A FUCKING DODGE BUTTON.


----------



## Vergil642 (Jan 22, 2013)

Yeah, getting the timing right on the parry isn't really that hard. And you always have the dodge to fall back on (though admittedly I never did, I was too busy murdering things in the face or parrying bitches to use it) if you can't get some timings right.

Practice it a bit and enjoy running through fuckers slicing and dicing. Game's probably as accessible as classic DMC though as it requires thinking and skill, so y'know, heads up.


----------



## Hatifnatten (Jan 22, 2013)

The future of gaming




*YOU WIN*​


----------



## bloodplzkthxlol (Jan 22, 2013)

i'll admit, this will be the first metal gear game i'll play. *haven't played the snakes or big boss games, but i've seen playthroughs and i love the stealth.*


----------



## Charlotte D. Kurisu (Jan 22, 2013)

so the demo is out? BRB


----------



## Velocity (Jan 22, 2013)

bloodplzkthxlol said:


> i'll admit, this will be the first metal gear game i'll play. *haven't played the snakes or big boss games, but i've seen playthroughs and i love the stealth.*



Turn off the internet and go play Snake Eater RIGHT NOW.


----------



## Deathgun (Jan 22, 2013)

Hatifnatten said:


> The future of gaming



If anything this might be the first game in a while that requires some skill to do well in.

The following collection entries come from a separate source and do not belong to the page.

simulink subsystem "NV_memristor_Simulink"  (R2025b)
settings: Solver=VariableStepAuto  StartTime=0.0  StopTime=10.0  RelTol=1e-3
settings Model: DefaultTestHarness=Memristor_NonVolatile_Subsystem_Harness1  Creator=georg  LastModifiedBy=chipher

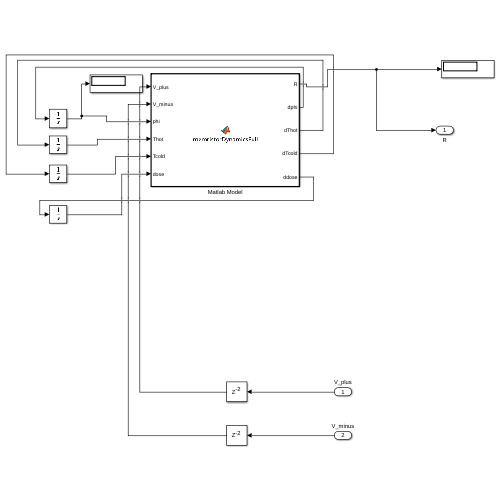
[thumbnail: Simulink's stored preview of the top-level diagram]
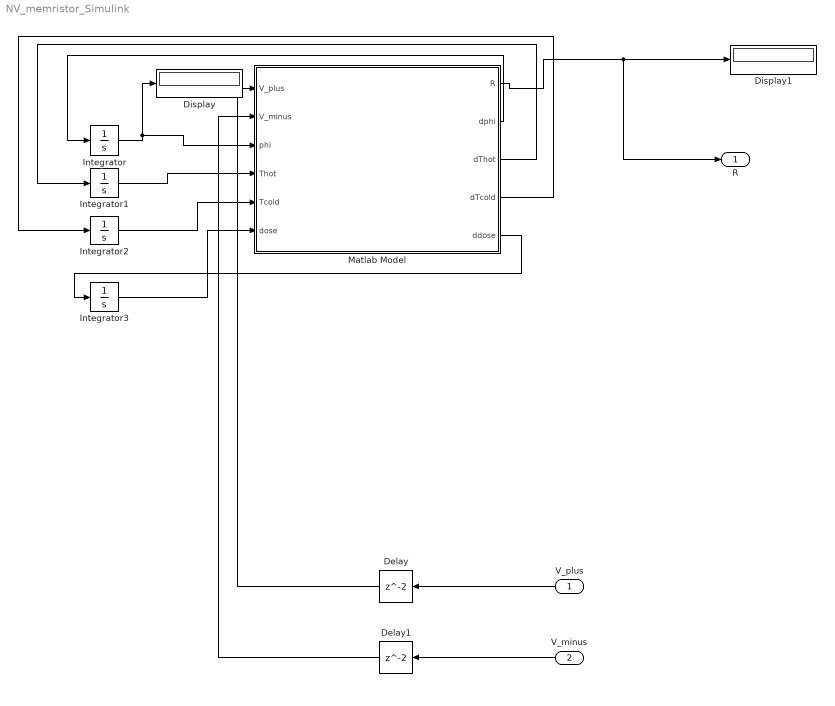
== system NV_memristor_Simulink ==
  V_plus : Inport
  V_minus : Inport  Port=2
  Delay : Delay
  Delay1 : Delay
  Display : Display
  Display1 : Display
  Integrator : Integrator  InitialCondition=6e-09
  Integrator1 : Integrator  InitialCondition=300
  Integrator2 : Integrator  InitialCondition=300
  Integrator3 : Integrator
  Matlab Model : MATLAB Function  TreatAsAtomicUnit=on
  R : Outport  VectorParamsAs1DForOutWhenUnconnected=off
  wires:
  Matlab Model/2(dphi) -> Integrator/1
  Integrator1/1 -> Matlab Model/4(Thot)
  Matlab Model/3(dThot) -> Integrator1/1
  Matlab Model/4(dTcold) -> Integrator2/1
  Matlab Model/5(ddose) -> Integrator3/1
  Integrator2/1 -> Matlab Model/5(Tcold)
  Integrator3/1 -> Matlab Model/6(dose)
  Integrator/1 -> Matlab Model/3(phi), Display/1
  Matlab Model/1(R) -> R/1, Display1/1
  V_plus/1 -> Delay/1
  Delay/1 -> Matlab Model/1(V_plus)
  V_minus/1 -> Delay1/1
  Delay1/1 -> Matlab Model/2(V_minus)

== matlab function NV_memristor_Simulink/Matlab Model ==
  data: V_plus input; V_minus input; R output; phi input; Thot input; Tcold input; dphi output; dThot output; dTcold output; dose input; ddose output
function [R, dphi, dThot, dTcold, ddose] = memristorDynamicsFull(V_plus, V_minus, phi, Thot, Tcold, dose)
% Inputs: voltage terminals, state variables (phi, Thot, Tcold, dose)
% Outputs: resistance R, and derivatives of each state variable

% === Voltage ===
V = V_plus - V_minus;

%% Parameters

params = struct(...
    'q',                1.602176634e-19, ...
    'kb',               1.38064852e-23, ...
    'rT',               20e-9, ...
    'rB',               4e-9, ...
    'L',                20e-9, ...
    'g',                1e-9, ...
    'phi_max',          12e-9, ...
    'phi_min',          0.01e-9, ...
    'Tamb',             300, ... 
    'Tau_th',           2.3e-9, ...
    'm',                2000e-9, ...
    'rbulkm',           3e-13, ...
    'rbulkox',          1000, ...
    'gamma',            20e-9, ...
    'el',               28e-9, ...
    'p',                0.5, ...
    'AP',               1.5, ...
    'BP',               1e-4, ...
    'CP',               1.2e-24, ...
    'Edrift',           1.15 * 1.602176634e-19, ...
    'Ediff',            2.5 * 1.602176634e-19, ...
    'alphaP',           1.0, ...
    'Aexp',             0.5, ...
    'Es',               0.8 * 1.602176634e-19, ...
    'phi_sat',          2e-9, ...
    'phi_B',            0.65 * 1.602176634e-19, ...
    'A_star',           1.2e6, ...
    'n_schottky',       1.5, ...
    'lambda_plasticity',200, ...
    'gamma_dose',       1, ...
    'T_trigger',        400, ...
    'T_slope',          20, ...
    'Vmax',             30, ...
    'Km',               1e-15, ...
    'healing_rate',     1 ...
);




% --- Unpack model parameters from struct --- Getting lazy!
q     = params.q;
kb    = params.kb;
rT    = params.rT;
rB    = params.rB;
L     = params.L;
g     = params.g;
phi_max = params.phi_max;
phi_min = params.phi_min;
Tamb  = params.Tamb;
Tau_th = params.Tau_th;
m     = params.m;
rbulkm = params.rbulkm;
rbulkox = params.rbulkox;
gamma  = params.gamma;
el    = params.el;
p     = params.p;
AP    = params.AP;
BP    = params.BP;
CP    = params.CP;
Edrift = params.Edrift;
Ediff  = params.Ediff;
alphaP = params.alphaP;
Aexp  = params.Aexp;
Es    = params.Es;
phi_sat = params.phi_sat;
phi_B = params.phi_B;
A_star = params.A_star;
n_schottky = params.n_schottky;
lambda_plasticity = params.lambda_plasticity;
gamma_dose = params.gamma_dose;
T_trigger = params.T_trigger;
T_slope = params.T_slope;
Vmax  = params.Vmax;
Km    = params.Km;
healing_rate = params.healing_rate;
%phi_switch = params.phi_switch;

% Utilities
st_f = @(y, y0) 1 ./ (1 + exp(-y ./ y0));
soft_barrier = @(y, width) 1 ./ (1 + (y ./ width).^2);

% Compute values
S = Es / (kb * Thot^2);
E = V / g;

rx1 = rT - ((rT - phi/2) / (L/2)) * ((L/2) - g);
rx2 = rB - ((rB - phi/2) / (L/2)) * ((L/2) - g);
rcf = rbulkm * (1 + (3/4)*(el/phi)*(1 - p));
rox = rbulkox / (1 + gamma*abs(E));
Roff = (rcf*(L-g)/(2*pi*rT*rx1)) + ...
       (rcf*(L-g)/(2*pi*rB*rx2)) + ...
       (rox * g / (pi * rx1 * rx2));
Ron = (rcf * L / (2*pi*rT*phi/2)) + ...
      (rcf * L / (2*pi*rB*phi/2));
R = st_f(phi - phi_max, 1e-9).*Ron + ...
    st_f(phi_min - phi, 1e-9).*Roff;

% === Currents ===
phi_limit = 0.2e-9;
Area_eff = pi * (min(phi, phi_limit)/2)^2;
J0 = A_star * Thot^2 * exp(-phi_B / (kb * Thot));
J_schottky = J0 * (1-exp(-q*V / (n_schottky*kb*Thot)) );
I_schottky = J_schottky * Area_eff;
I_cf = V / R;
I_total = I_cf + I_schottky;

% === Thermal dynamics ===
kthcold = m * (2 * rT);
kthhot = m * phi;
dTcold = (abs(V * I_total) / kthcold + Tamb / Tau_th - Tcold / Tau_th);
dThot  = (abs(V * I_total) / kthhot + Tamb / Tau_th - Thot / Tau_th);
deltaT = Thot - Tcold;
T = Thot;

% === Filament dynamics ===
drift = AP * exp(-Aexp * (Edrift - alphaP * q * V) / (kb * T)) * st_f(V, 0.2) * soft_barrier(phi - phi_max, 1e-5);
diff = BP * (1/phi) * exp(-Ediff / (kb*T)) * (1 + gamma_dose*dose) * exp(-phi / phi_sat);
thermal = CP * S * (1/phi) * deltaT / (L/2) * (1 + lambda_plasticity * dose);
thermal = thermal * (1 + (0.5 + 0.5*tanh((deltaT - T_trigger) / T_slope)));
neg_drift = AP * exp(-Aexp * (Edrift - alphaP*q*abs(V)) / (kb*T)) * ...
            st_f(-V, 0.2) * st_f(phi - phi_max, 1e-9);

dphi = st_f(phi_max - phi, 1e-9) * (drift + diff - thermal) - ...
       st_f(phi - phi_min, 1e-9) * (diff + neg_drift + thermal);


% Wall steepness (controls how "hard" the wall is)
wall_stiffness = 1e16; 

% 1. Detect if we are pushing against a wall
% pushing_bottom is 1 if phi < phi_min AND dphi is negative
pushing_bottom = (0.5 + 0.5 * tanh((phi_min - phi) * wall_stiffness)) .* ...
                 (0.5 + 0.5 * tanh(-dphi * wall_stiffness));

% pushing_top is 1 if phi > phi_max AND dphi is positive
pushing_top    = (0.5 + 0.5 * tanh((phi - phi_max) * wall_stiffness)) .* ...
                 (0.5 + 0.5 * tanh(dphi * wall_stiffness));

% 2. Apply the brakes
% If pushing against a wall, multiply dphi by 0. Otherwise multiply by 1.
wall_factor = (1 - pushing_bottom) * (1 - pushing_top);

dphi = dphi * wall_factor;

% Dose dynamics
absorbed_energy = abs(V * I_total);
temperature_factor = max((T - Tamb), 0) / Tamb;
%dose_rate = (Vmax * absorbed_energy * temperature_factor) / ...
            %(Km + absorbed_energy * temperature_factor);
V_thresh = 0.1;
polarity_gate = 1 / (1 + exp(-V / V_thresh));  % V_thresh ~ 0.05 V
dose_rate = polarity_gate * (Vmax * absorbed_energy * temperature_factor) / ...
            (Km + absorbed_energy * temperature_factor);

healing_effect = exp(-(Tcold - Tamb) / 10);
ddose = dose_rate - healing_rate * healing_effect * dose;

end

It also does not seem to hold your hand like other games that much.


----------



## bloodplzkthxlol (Jan 22, 2013)

when i get the money.


----------



## Charlotte D. Kurisu (Jan 22, 2013)

Deathgun said:


> If anything this might be the first game in a while that requires some skill to do well in.
> 
> It also does not seem to hold your hand like other games that much.



I can see it now..

IGN: this game is super hard and frustrating cuz peoplz don't die when i mash X 

3.5/10 




EDIT: ya'll are fucking with me, demo ain't out yet


----------



## Amatsu (Jan 22, 2013)

Pfft this game will be lucky to get a 3 out of 5. No way is it as great as the Shakespearean tale of DmC


----------



## raizen28 (Jan 22, 2013)

bloodplzkthxlol said:


> i'll admit, this will be the first metal gear game i'll play. *haven't played the snakes or big boss games, but i've seen playthroughs and i love the stealth.*


Youre not Living  till youve bestowed yourself upon GOD's(Kojima) work.


----------



## Charlotte D. Kurisu (Jan 22, 2013)

Velocity said:


> Turn off the internet and go play Snake Eater RIGHT NOW.



you know what, i am like that.. never played a MG game in my life.. just today i was so fucking close to buying the HD collection.. i think i'll do it someday


----------



## bloodplzkthxlol (Jan 22, 2013)

if you say so


----------



## Amatsu (Jan 22, 2013)

Velocity said:


> Turn off the internet and go play Snake Eater RIGHT NOW.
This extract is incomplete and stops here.